The question if it is safe to remove this flag? and why it is there in the first place. If it is actually required, I am willing to help getting rid of it if it is feasible.
(target_type *)(void *) instead_of (target_type *)
It is not exactly what standard say, but it works on all C compilers I worked on. Would you accept such pull request with -fno-strict-aliasing removal included?
I read a bit about the strict aliasing rule, and it seems that the only code that would be broken by "-fno-strict-aliasing" is code that declares two pointers to the same block of memory, and simultaneously uses both pointers to access the memory. I'd say that most programs, especially Nim programs, do not do this.
I see two potential problem areas:
The first potential problem area would be the garbage collector and memory manager. If the garbage collector and memory manager do this, then they must be converted to casting through unions, as Araq suggests.
The second potential problem area would be how the Nim garbage collector generates code for ref's and inheritance. If a ref is only used as one type, then there is no problem. If a ref is used as a parent type and a child type, then there is a potential problem there, depending on how the Nim compiler generates the cast for the ref.
After these two potential problems areas are evaluated and fixed, then "-fno-strict-aliasing" can be removed, as "safe" Nim code would not be able to violate the strict aliasing rule. Nim code that uses "cast" and ptr's in certain ways would still be able to violate the rule, but I would argue that it would be the programmer's responsibility to pass "-fno-strict-aliasing" to the compiler in this case.
Also, in my opinion, violating the strict aliasing rule is a code smell, and so I think we should avoid accommodating bad code with the "-fno-strict-aliasing" flag.
All the major OS kernels (Linux, FreeBSD, and OpenBSD) have strict aliasing disabled, and for good reasons. So do a plethora of other C applications and libraries.

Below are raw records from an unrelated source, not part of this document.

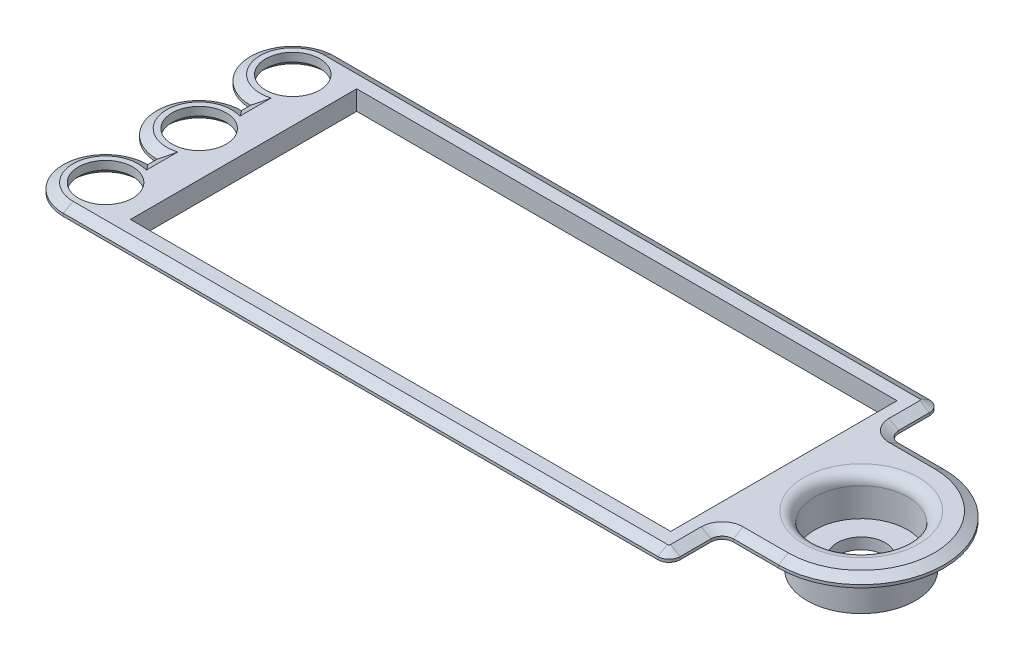
SolidWorks part; units mm, degrees
ref_plane "Спереди" through (0, 0, 0) normal (0, 0, 1) x (1, 0, 0)
ref_plane "Сверху" through (0, 0, 0) normal (0, 1, 0) x (1, 0, 0)
ref_plane "Справа" through (0, 0, 0) normal (1, 0, 0) x (0, 0, -1)
sketch "Эскиз1" plane through (0, 0, 0) normal (0, 1, 0) x (1, 0, 0)
  line L1 (-71, 24.3) -> (71, 24.3)
  line L2 (-71, 24.3) -> (-71, -24.3)
  line L3 (-71, -24.3) -> (71, -24.3)
  line L4 (71, 24.3) -> (71, -24.3)
  line L5 (-71, 24.3) -> (71, -24.3) construction
  line L6 (-71, -24.3) -> (71, 24.3) construction
  point P0 (0, 0)
  dimension "D1" = 142
  dimension "D2" = 48.6
extrude "Бобышка-Вытянуть1" add sketch "Эскиз1" along normal blind 1.5
sketch "Эскиз2" plane through (0, 0, 0) normal (0, -1, 0) x (1, 0, 0)
  line L0 (-54.35, 20.25) -> (42.35, 20.25)
  line L1 (-55.7, 21.6) -> (43.7, 21.6) construction
  line L2 (-55.7, 21.6) -> (-55.7, -21.6) construction
  line L3 (-55.7, -21.6) -> (43.7, -21.6) construction
  line L4 (43.7, 21.6) -> (43.7, -21.6) construction
  line L5 (42.35, 20.25) -> (42.35, -20.25)
  line L6 (-54.35, -20.25) -> (42.35, -20.25)
  line L7 (-54.35, 20.25) -> (-54.35, -20.25)
  circle A0 centre (-62.3, 16.75) radius 5.5 construction
  circle A1 centre (-62.3, 0) radius 5.5 construction
  circle A2 centre (-62.3, -16.75) radius 5.5 construction
  circle A3 centre (-62.3, -16.75) radius 4.85
  circle A4 centre (-62.3, 0) radius 4.85
  circle A5 centre (-62.3, 16.75) radius 4.85
  dimension "D1" = 1.35
  dimension "D2" = 0.65
  dimension "D3" = 0.65
  dimension "D4" = 0.65
extrude "Вырез-Вытянуть1" cut sketch "Эскиз2" against normal up to surface (1.5 mm away) up to face at (0, 1.5, 0)
sketch "Эскиз3" plane through (0, 0, 0) normal (0, -1, 0) x (1, 0, 0)
  line L0 (-54.35, -20.25) -> (42.35, -20.25) construction
  line L1 (42.35, -20.25) -> (42.35, 20.25) construction
  line L2 (42.35, 20.25) -> (-54.35, 20.25) construction
  line L3 (-54.35, 20.25) -> (-54.35, -20.25) construction
  line L4 (-54.35, -20.25) -> (42.35, -20.25)
  line L5 (42.35, -20.25) -> (42.35, 20.25)
  line L6 (42.35, 20.25) -> (-54.35, 20.25)
  line L7 (-54.35, 20.25) -> (-54.35, -20.25)
  line L8 (-55.35, -21.25) -> (43.35, -21.25)
  line L9 (43.35, -21.25) -> (43.35, 21.25)
  line L10 (43.35, 21.25) -> (-55.35, 21.25)
  line L11 (-55.35, 21.25) -> (-55.35, -21.25)
  dimension "D1" = 1
extrude "Бобышка-Вытянуть2" add sketch "Эскиз3" along normal blind 2
sketch "Эскиз4" plane through (0, 0, 0) normal (0, -1, 0) x (1, 0, 0)
  circle A0 centre (-62.3, -16.75) radius 4.85 construction
  circle A1 centre (-62.3, 0) radius 4.85 construction
  circle A2 centre (-62.3, 16.75) radius 4.85 construction
  circle A3 centre (-62.3, -16.75) radius 4.85
  circle A4 centre (-62.3, 0) radius 4.85
  circle A5 centre (-62.3, 16.75) radius 4.85
  circle A6 centre (-62.3, -16.75) radius 5.85
  circle A7 centre (-62.3, 0) radius 5.85
  circle A8 centre (-62.3, 16.75) radius 5.85
  dimension "D1" = 1
extrude "Бобышка-Вытянуть3" add sketch "Эскиз4" along normal blind 2
chamfer "Фаска1" distance 2 angle 45 3 edges at (-62.3, -2, -21.6) (-62.3, -2, -4.85) (-62.3, -2, 11.9)
sketch "Эскиз6" plane through (0, 0, 0) normal (0, -1, 0) x (1, 0, 0)
  circle A0 centre (56.2, 0) radius 10 construction
  circle A1 centre (56.2, 0) radius 8.3
  dimension "D1" = 1.7
extrude "Вырез-Вытянуть2" cut sketch "Эскиз6" against normal up to surface (1.5 mm away) up to face at (-62.3, 1.5, -11.9)
sketch "Эскиз8" plane through (0, 0, 0) normal (0, -1, 0) x (1, 0, 0)
  circle A0 centre (56.2, 0) radius 8.3 construction
  circle A1 centre (56.2, 0) radius 8.3
  circle A2 centre (56.2, 0) radius 9.7
  dimension "D1" = 1.4
extrude "Бобышка-Вытянуть4" add sketch "Эскиз8" along normal blind 7.6
sketch "Эскиз9" plane through (0, -7.6, 0) normal (0, -1, 0) x (1, 0, 0)
  circle A0 centre (56.2, 0) radius 9.7 construction
  circle A1 centre (56.2, 0) radius 9.7
extrude "Бобышка-Вытянуть5" add sketch "Эскиз9" against normal blind 2
sketch "Эскиз10" plane through (0, -7.6, 0) normal (0, -1, 0) x (1, 0, 0)
  circle A0 centre (56.2, 0) radius 4.3
  dimension "D1" = 8.6
extrude "Вырез-Вытянуть3" cut sketch "Эскиз10" against normal up to surface (2 mm away) up to face at (56.2, -5.6, -8.3)
sketch "Эскиз11" plane through (0, -7.6, 0) normal (0, -1, 0) x (1, 0, 0)
  line L0 (57.2, 6.15) -> (57.2, 6.4) construction
  line L1 (54.8, 6.8) -> (57.6, 6.8)
  line L2 (54.8, 6.8) -> (54.8, 5.5)
  line L3 (54.8, 5.5) -> (57.6, 5.5)
  line L4 (57.6, 6.8) -> (57.6, 5.5)
  line L5 (55.2, 6.4) -> (55.2, 6.15) construction
  line L6 (55.2, 5.9) -> (57.2, 5.9) construction
  line L7 (55.2, 6.4) -> (57.2, 6.4) construction
  dimension "D1" = 0.4
  dimension "D2" = 0.4
  dimension "D3" = 0.4
  dimension "D4" = 0.4
extrude "Вырез-Вытянуть4" cut sketch "Эскиз11" against normal up to surface (2 mm away) up to face at (56.2, -5.6, -4.3)
sketch "Эскиз12" plane through (0, 1.5, 0) normal (0, 1, 0) x (1, 0, 0)
  line L0 (-62.3, 24.3) -> (-62.3, -24.3) construction
  line L1 (71, 24.3) -> (-71, 24.3) construction
  line L2 (-71, -24.3) -> (71, -24.3) construction
  line L3 (-62.3, 24.3) -> (-71, 24.3)
  line L4 (-71, 24.3) -> (-71, -24.3)
  line L5 (-71, -24.3) -> (-62.3, -24.3)
  line L6 (-62.3, -9.2) -> (-62.3, -7.55)
  line L7 (-62.3, 7.55) -> (-62.3, 9.1762)
  circle A0 centre (-62.3, 16.75) radius 4.85 construction
  circle A1 centre (-62.3, -16.75) radius 4.85 construction
  circle A2 centre (-62.3, 0) radius 4.85 construction
  arc A3 (-62.3, 21.6) -> (-62.3, 11.9) centre (-62.3, 16.75) ccw
  arc A4 (-62.3, -11.9) -> (-62.3, -21.6) centre (-62.3, -16.75) ccw
  arc A5 (-62.3, 4.85) -> (-62.3, -4.85) centre (-62.3, 0) ccw
  arc A6 (-62.3, -24.3) -> (-62.3, -9.2) centre (-62.3, -16.75) cw
  arc A7 (-69.85, 0) -> (-62.3, -7.55) centre (-62.3, 0) ccw
  arc A8 (-69.85, 0) -> (-62.3, 7.55) centre (-62.3, 0) cw
  arc A9 (-69.85, 16.15) -> (-62.3, 9.1762) centre (-62.3, 16.75) ccw
  arc A10 (-69.85, 16.15) -> (-62.3, 24.3238) centre (-62.3, 16.75) cw
  line M13 (-71, 24.3) -> (-71, -24.3)
  line M14 (-71, -24.3) -> (71, -24.3)
sketch "Эскиз13" plane through (0, 1.5, 0) normal (0, 1, 0) x (1, 0, 0)
  line L0 (46.1, 24.3) -> (46.1, -24.3) construction
  line L1 (71, 24.3) -> (-71, 24.3) construction
  line L2 (-71, -24.3) -> (71, -24.3) construction
  line L3 (71, -24.3) -> (71, 24.3) construction
  line L4 (56.2, 14.8) -> (46.1, 14.8)
  line L5 (56.2, -14.8) -> (46.1, -14.8)
  line L6 (46.1, -14.8) -> (46.1, -24.3)
  line L7 (46.1, -24.3) -> (71, -24.3)
  line L8 (71, -24.3) -> (71, 24.3)
  line L9 (71, 24.3) -> (46.1, 24.3)
  line L10 (46.1, 24.3) -> (46.1, 14.8)
  line L11 (46.1, 14.8) -> (49.3914, 14.2407)
  line L12 (42.35, 20.25) -> (42.35, -20.25) construction
  arc A1 (71, 0) -> (56.2, 14.8) centre (56.2, 0) ccw
  arc A2 (71, 0) -> (56.2, -14.8) centre (56.2, 0) cw
  line M12 (-71, -24.3) -> (71, -24.3)
  line M13 (71, -24.3) -> (71, 24.3)
  line M14 (71, 24.3) -> (-71, 24.3)
  dimension "D1" = 3.75
extrude "Вырез-Вытянуть6" cut sketch "Эскиз13" against normal up to surface (1.5 mm away) contours A1 L8 L10 L4 M14 | A2 L5 L6 M13 M12 region at (60.0659, 1.5, 18.2145) region at (60.0659, 1.5, -18.2145) up to face at (-62.3, 0, 22.6)
fillet "Скругление1" radius 2 1 edges at (56.2, 1.5, 8.3)
fillet "Скругление2" radius 2 4 edges at (46.1, 0.75, -14.8) (46.1, 0.75, 14.8) (46.1, 0.75, 24.3) (46.1, 0.75, -24.3)
extrude "Вырез-Вытянуть8" cut sketch "Эскиз12" against normal up to surface (1.5 mm away) contours A9 A10 L3 A6 L6 A7 A8 L7 M13 M14 region at (-68.4386, 1.5, -21.9848) up to face at (56.2, 0, 9.7)
chamfer "Фаска2" distance 1 angle 60 16 edges at (-69.85, 1.5, 16.75) (-9.1, 1.5, 24.3) (45.5142, 1.5, 23.7142) (46.1, 1.5, 19.55) (46.6858, 1.5, 15.3858) (52.15, 1.5, 14.8) (71, 1.5, 0) (52.15, 1.5, -14.8) (46.6858, 1.5, -15.3858) (46.1, 1.5, -19.55) (45.5142, 1.5, -23.7142) (-62.3, 1.5, 8.375) (-69.85, 1.5, 0) (-62.3, 1.5, -8.3631) (-69.8679, 1.5, -16.4498) (-9.4, 1.5, -24.3) first distance on face at (-66.075, 0.75, 16.75) first distance on face at (-9.1, 0.75, 24.3) first distance on face at (45.3071, 0.75, 23.5071) first distance on face at (46.1, 0.75, 19.55) first distance on face at (46.8929, 0.75, 15.5929) first distance on face at (52.15, 0.75, 14.8) first distance on face at (63.6, 0.75, 0) first distance on face at (52.15, 0.75, -14.8) first distance on face at (46.8929, 0.75, -15.5929) first distance on face at (46.1, 0.75, -19.55) first distance on face at (45.3071, 0.75, -23.5071) first distance on face at (-62.3, 0.75, 8.375) first distance on face at (-66.075, 0.75, 0) first distance on face at (-62.3, 0.75, -8.3631) first distance on face at (-66.2339, 0.75, -16.5939) first distance on face at (-9.4, 0.75, -24.3)

One, it is insanely easy to accidentally violate the strict aliasing rule when manually writing normal C code and there is no way to safely statically safeguard against such occurrences. It's an easy source of Heisenbugs with basically no performance-related payoff outside of rare circumstances (where aliasing can create a performance impact, the pointers usually point to entities of the same type).
This also goes for manually written C code that's being included in Nim directly, such as static inline functions from header files for external functions.
Two, even for generated code (such as code emitted by the Nim compiler), it is difficult to avoid undefined behavior in low-level code unless the code generator was designed from the ground up for this. There are a number of reasons for that:
proc main =
var a: int64 = 1
var p: ptr float = cast[ptr float](addr a)
var q: ptr int32 = cast[ptr int32](addr a)
p[] = 1.0
q[] = 2'i32
echo a
main()
This example would require a union of int64, int32, and float. Which may be impossible to construct if the code is spread over several functions.
I've even changed -fno-strict-aliasing to "-fstrict-aliasing -Wstrict-aliasing" in build.sh (in csources), and nim compiler compiled without any issues!
"Absence of evidence does not mean evidence of absence", as they say. The compiler may just not have triggered the relevant optimizations in this case, or you may not have executed the relevant code. You also have no guarantee that future versions of gcc/clang won't introduce breakage.
I did a little searching and compiling and I'd have to say Jehan is right here about "absence of evidence". See, this stackoverflow thread for a very simple example to people that is (still in 2017) too complex for (at least gcc's) Wstrict-aliasing heuristics. It sure seems like strict-aliasing is a real morass.
@cdome - perhaps a better solution would be some kind of emit and/or macro machinery that turns on -fstrict-aliasing just for the procs you need to recover performance. gcc has had this #pragma or __attribute__ way to do that for quite a few years now (2011, I think). See here.